§ **TASK**
In the records that follow, how many lines contain the word "symbols"? Give only that figure.

(INFORMATION GIVEN)

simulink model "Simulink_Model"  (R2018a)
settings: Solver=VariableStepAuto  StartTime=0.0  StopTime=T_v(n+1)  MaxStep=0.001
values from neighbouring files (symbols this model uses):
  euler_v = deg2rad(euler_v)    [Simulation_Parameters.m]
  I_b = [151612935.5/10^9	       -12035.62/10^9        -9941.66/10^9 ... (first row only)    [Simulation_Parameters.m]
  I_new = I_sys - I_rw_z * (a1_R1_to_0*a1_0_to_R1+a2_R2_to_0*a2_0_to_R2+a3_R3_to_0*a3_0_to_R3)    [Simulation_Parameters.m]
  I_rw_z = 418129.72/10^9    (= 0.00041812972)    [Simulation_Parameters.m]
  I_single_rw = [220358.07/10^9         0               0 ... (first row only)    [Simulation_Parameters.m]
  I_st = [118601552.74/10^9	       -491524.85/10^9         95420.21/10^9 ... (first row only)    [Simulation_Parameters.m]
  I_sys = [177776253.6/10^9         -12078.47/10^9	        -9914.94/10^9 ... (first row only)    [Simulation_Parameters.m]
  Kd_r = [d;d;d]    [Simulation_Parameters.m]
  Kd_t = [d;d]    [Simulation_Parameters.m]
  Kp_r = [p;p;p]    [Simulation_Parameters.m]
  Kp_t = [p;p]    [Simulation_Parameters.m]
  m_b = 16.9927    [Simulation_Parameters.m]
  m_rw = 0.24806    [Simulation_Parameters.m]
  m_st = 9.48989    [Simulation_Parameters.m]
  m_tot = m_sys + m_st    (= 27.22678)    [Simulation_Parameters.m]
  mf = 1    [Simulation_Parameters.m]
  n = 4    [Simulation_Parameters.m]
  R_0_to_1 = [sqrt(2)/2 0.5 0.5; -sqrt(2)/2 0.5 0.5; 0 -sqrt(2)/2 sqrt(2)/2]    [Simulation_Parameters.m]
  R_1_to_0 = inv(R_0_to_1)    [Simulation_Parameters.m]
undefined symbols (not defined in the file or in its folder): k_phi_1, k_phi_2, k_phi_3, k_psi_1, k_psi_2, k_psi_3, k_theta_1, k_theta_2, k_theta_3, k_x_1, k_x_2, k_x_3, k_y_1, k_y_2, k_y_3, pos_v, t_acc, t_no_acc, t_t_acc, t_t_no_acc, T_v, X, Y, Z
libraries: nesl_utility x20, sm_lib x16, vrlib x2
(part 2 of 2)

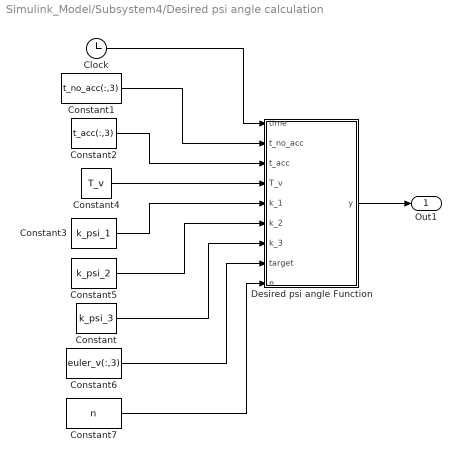
== system Simulink_Model/Subsystem4/Desired psi angle calculation ==
  Clock : Clock
  Constant : Constant  Value=k_psi_3
  Constant1 : Constant  Value=t_no_acc(:,3)
  Constant2 : Constant  Value=t_acc(:,3)
  Constant3 : Constant  Value=k_psi_1
  Constant4 : Constant  Value=T_v
  Constant5 : Constant  Value=k_psi_2
  Constant6 : Constant  Value=euler_v(:,3)
  Constant7 : Constant  Value=n
  Desired psi angle Function : MATLAB Function  TreatAsAtomicUnit=on
  Out1 : Outport
  wires:
  Constant1/1 -> Desired psi angle Function/2(t_no_acc)
  Constant5/1 -> Desired psi angle Function/6(k_2)
  Constant3/1 -> Desired psi angle Function/5(k_1)
  Constant2/1 -> Desired psi angle Function/3(t_acc)
  Desired psi angle Function/1(y) -> Out1/1
  Constant4/1 -> Desired psi angle Function/4(T_v)
  Constant/1 -> Desired psi angle Function/7(k_3)
  Clock/1 -> Desired psi angle Function/1(time)
  Constant7/1 -> Desired psi angle Function/9(n)
  Constant6/1 -> Desired psi angle Function/8(target)

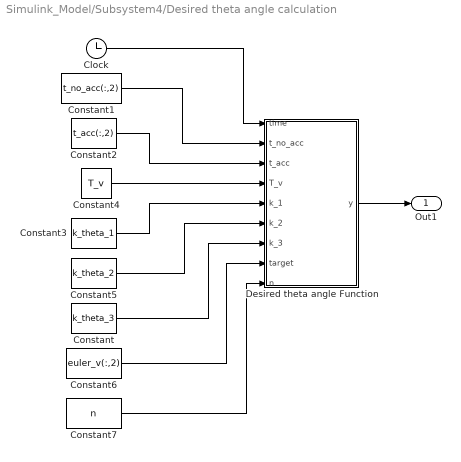
== system Simulink_Model/Subsystem4/Desired theta angle calculation ==
  Clock : Clock
  Constant : Constant  Value=k_theta_3
  Constant1 : Constant  Value=t_no_acc(:,2)
  Constant2 : Constant  Value=t_acc(:,2)
  Constant3 : Constant  Value=k_theta_1
  Constant4 : Constant  Value=T_v
  Constant5 : Constant  Value=k_theta_2
  Constant6 : Constant  Value=euler_v(:,2)
  Constant7 : Constant  Value=n
  Desired theta angle Function : MATLAB Function  TreatAsAtomicUnit=on
  Out1 : Outport
  wires:
  Constant1/1 -> Desired theta angle Function/2(t_no_acc)
  Constant5/1 -> Desired theta angle Function/6(k_2)
  Constant3/1 -> Desired theta angle Function/5(k_1)
  Constant2/1 -> Desired theta angle Function/3(t_acc)
  Desired theta angle Function/1(y) -> Out1/1
  Constant4/1 -> Desired theta angle Function/4(T_v)
  Constant/1 -> Desired theta angle Function/7(k_3)
  Clock/1 -> Desired theta angle Function/1(time)
  Constant7/1 -> Desired theta angle Function/9(n)
  Constant6/1 -> Desired theta angle Function/8(target)

== system Simulink_Model/Subsystem5/Desired x acceleration calculation ==
  Clock : Clock
  Constant : Constant  Value=k_x_3
  Constant1 : Constant  Value=t_t_no_acc(:,1)
  Constant2 : Constant  Value=t_t_acc(:,1)
  Constant3 : Constant  Value=k_x_1
  Constant4 : Constant  Value=T_v
  Constant5 : Constant  Value=k_x_2
  Constant6 : Constant  Value=pos_v(:,1)
  Constant7 : Constant  Value=n
  Desired x acceleration Function : MATLAB Function  TreatAsAtomicUnit=on
  Out1 : Outport
  wires:
  Clock/1 -> Desired x acceleration Function/1(time)
  Desired x acceleration Function/1(y) -> Out1/1
  Constant1/1 -> Desired x acceleration Function/2(t_no_acc)
  Constant2/1 -> Desired x acceleration Function/3(t_acc)
  Constant4/1 -> Desired x acceleration Function/4(T_v)
  Constant/1 -> Desired x acceleration Function/7(k_3)
  Constant5/1 -> Desired x acceleration Function/6(k_2)
  Constant3/1 -> Desired x acceleration Function/5(k_1)
  Constant6/1 -> Desired x acceleration Function/8(target)
  Constant7/1 -> Desired x acceleration Function/9(n)

== system Simulink_Model/Subsystem5/Desired y acceleration calculation ==
  Clock : Clock
  Constant : Constant  Value=k_y_3
  Constant1 : Constant  Value=t_t_no_acc(:,2)
  Constant2 : Constant  Value=t_t_acc(:,2)
  Constant3 : Constant  Value=k_y_1
  Constant4 : Constant  Value=T_v
  Constant5 : Constant  Value=k_y_2
  Constant6 : Constant  Value=pos_v(:,2)
  Constant7 : Constant  Value=n
  Desired y acceleration Function : MATLAB Function  TreatAsAtomicUnit=on
  Out1 : Outport
  wires:
  Constant5/1 -> Desired y acceleration Function/6(k_2)
  Constant4/1 -> Desired y acceleration Function/4(T_v)
  Constant1/1 -> Desired y acceleration Function/2(t_no_acc)
  Desired y acceleration Function/1(y) -> Out1/1
  Constant6/1 -> Desired y acceleration Function/8(target)
  Constant3/1 -> Desired y acceleration Function/5(k_1)
  Clock/1 -> Desired y acceleration Function/1(time)
  Constant2/1 -> Desired y acceleration Function/3(t_acc)
  Constant/1 -> Desired y acceleration Function/7(k_3)
  Constant7/1 -> Desired y acceleration Function/9(n)

== system Simulink_Model/Subsystem6/Desired phi angular acceleration calculation ==
  Clock : Clock
  Constant : Constant  Value=k_phi_3
  Constant1 : Constant  Value=t_no_acc(:,1)
  Constant2 : Constant  Value=t_acc(:,1)
  Constant3 : Constant  Value=k_phi_1
  Constant4 : Constant  Value=T_v
  Constant5 : Constant  Value=k_phi_2
  Constant6 : Constant  Value=euler_v(:,1)
  Constant7 : Constant  Value=n
  Desired phi angular acceleration Function : MATLAB Function  TreatAsAtomicUnit=on
  Out1 : Outport
  wires:
  Clock/1 -> Desired phi angular acceleration Function/1(time)
  Desired phi angular acceleration Function/1(y) -> Out1/1
  Constant1/1 -> Desired phi angular acceleration Function/2(t_no_acc)
  Constant2/1 -> Desired phi angular acceleration Function/3(t_acc)
  Constant4/1 -> Desired phi angular acceleration Function/4(T_v)
  Constant/1 -> Desired phi angular acceleration Function/7(k_3)
  Constant5/1 -> Desired phi angular acceleration Function/6(k_2)
  Constant3/1 -> Desired phi angular acceleration Function/5(k_1)
  Constant6/1 -> Desired phi angular acceleration Function/8(target)
  Constant7/1 -> Desired phi angular acceleration Function/9(n)

== system Simulink_Model/Subsystem6/Desired psi angular acceleration calculation ==
  Clock : Clock
  Constant : Constant  Value=k_psi_3
  Constant1 : Constant  Value=t_no_acc(:,3)
  Constant2 : Constant  Value=t_acc(:,3)
  Constant3 : Constant  Value=k_psi_1
  Constant4 : Constant  Value=T_v
  Constant5 : Constant  Value=k_psi_2
  Constant6 : Constant  Value=euler_v(:,3)
  Constant7 : Constant  Value=n
  Desired psi angular acceleration Function : MATLAB Function  TreatAsAtomicUnit=on
  Out1 : Outport
  wires:
  Constant1/1 -> Desired psi angular acceleration Function/2(t_no_acc)
  Constant5/1 -> Desired psi angular acceleration Function/6(k_2)
  Constant3/1 -> Desired psi angular acceleration Function/5(k_1)
  Constant2/1 -> Desired psi angular acceleration Function/3(t_acc)
  Desired psi angular acceleration Function/1(y) -> Out1/1
  Constant4/1 -> Desired psi angular acceleration Function/4(T_v)
  Constant/1 -> Desired psi angular acceleration Function/7(k_3)
  Clock/1 -> Desired psi angular acceleration Function/1(time)
  Constant7/1 -> Desired psi angular acceleration Function/9(n)
  Constant6/1 -> Desired psi angular acceleration Function/8(target)

== system Simulink_Model/Subsystem6/Desired theta angular acceleration calculation ==
  Clock : Clock
  Constant : Constant  Value=k_theta_3
  Constant1 : Constant  Value=t_no_acc(:,2)
  Constant2 : Constant  Value=t_acc(:,2)
  Constant3 : Constant  Value=k_theta_1
  Constant4 : Constant  Value=T_v
  Constant5 : Constant  Value=k_theta_2
  Constant6 : Constant  Value=euler_v(:,2)
  Constant7 : Constant  Value=n
  Desired theta angular acceleration Function : MATLAB Function  TreatAsAtomicUnit=on
  Out1 : Outport
  wires:
  Constant1/1 -> Desired theta angular acceleration Function/2(t_no_acc)
  Constant5/1 -> Desired theta angular acceleration Function/6(k_2)
  Constant3/1 -> Desired theta angular acceleration Function/5(k_1)
  Constant2/1 -> Desired theta angular acceleration Function/3(t_acc)
  Desired theta angular acceleration Function/1(y) -> Out1/1
  Constant4/1 -> Desired theta angular acceleration Function/4(T_v)
  Constant/1 -> Desired theta angular acceleration Function/7(k_3)
  Clock/1 -> Desired theta angular acceleration Function/1(time)
  Constant7/1 -> Desired theta angular acceleration Function/9(n)
  Constant6/1 -> Desired theta angular acceleration Function/8(target)

== matlab function Simulink_Model/R Matrix Calculation ==
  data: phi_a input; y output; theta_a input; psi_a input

(End INFORMATION GIVEN)

§ **RESPONSE TO THE EXERCISE**
2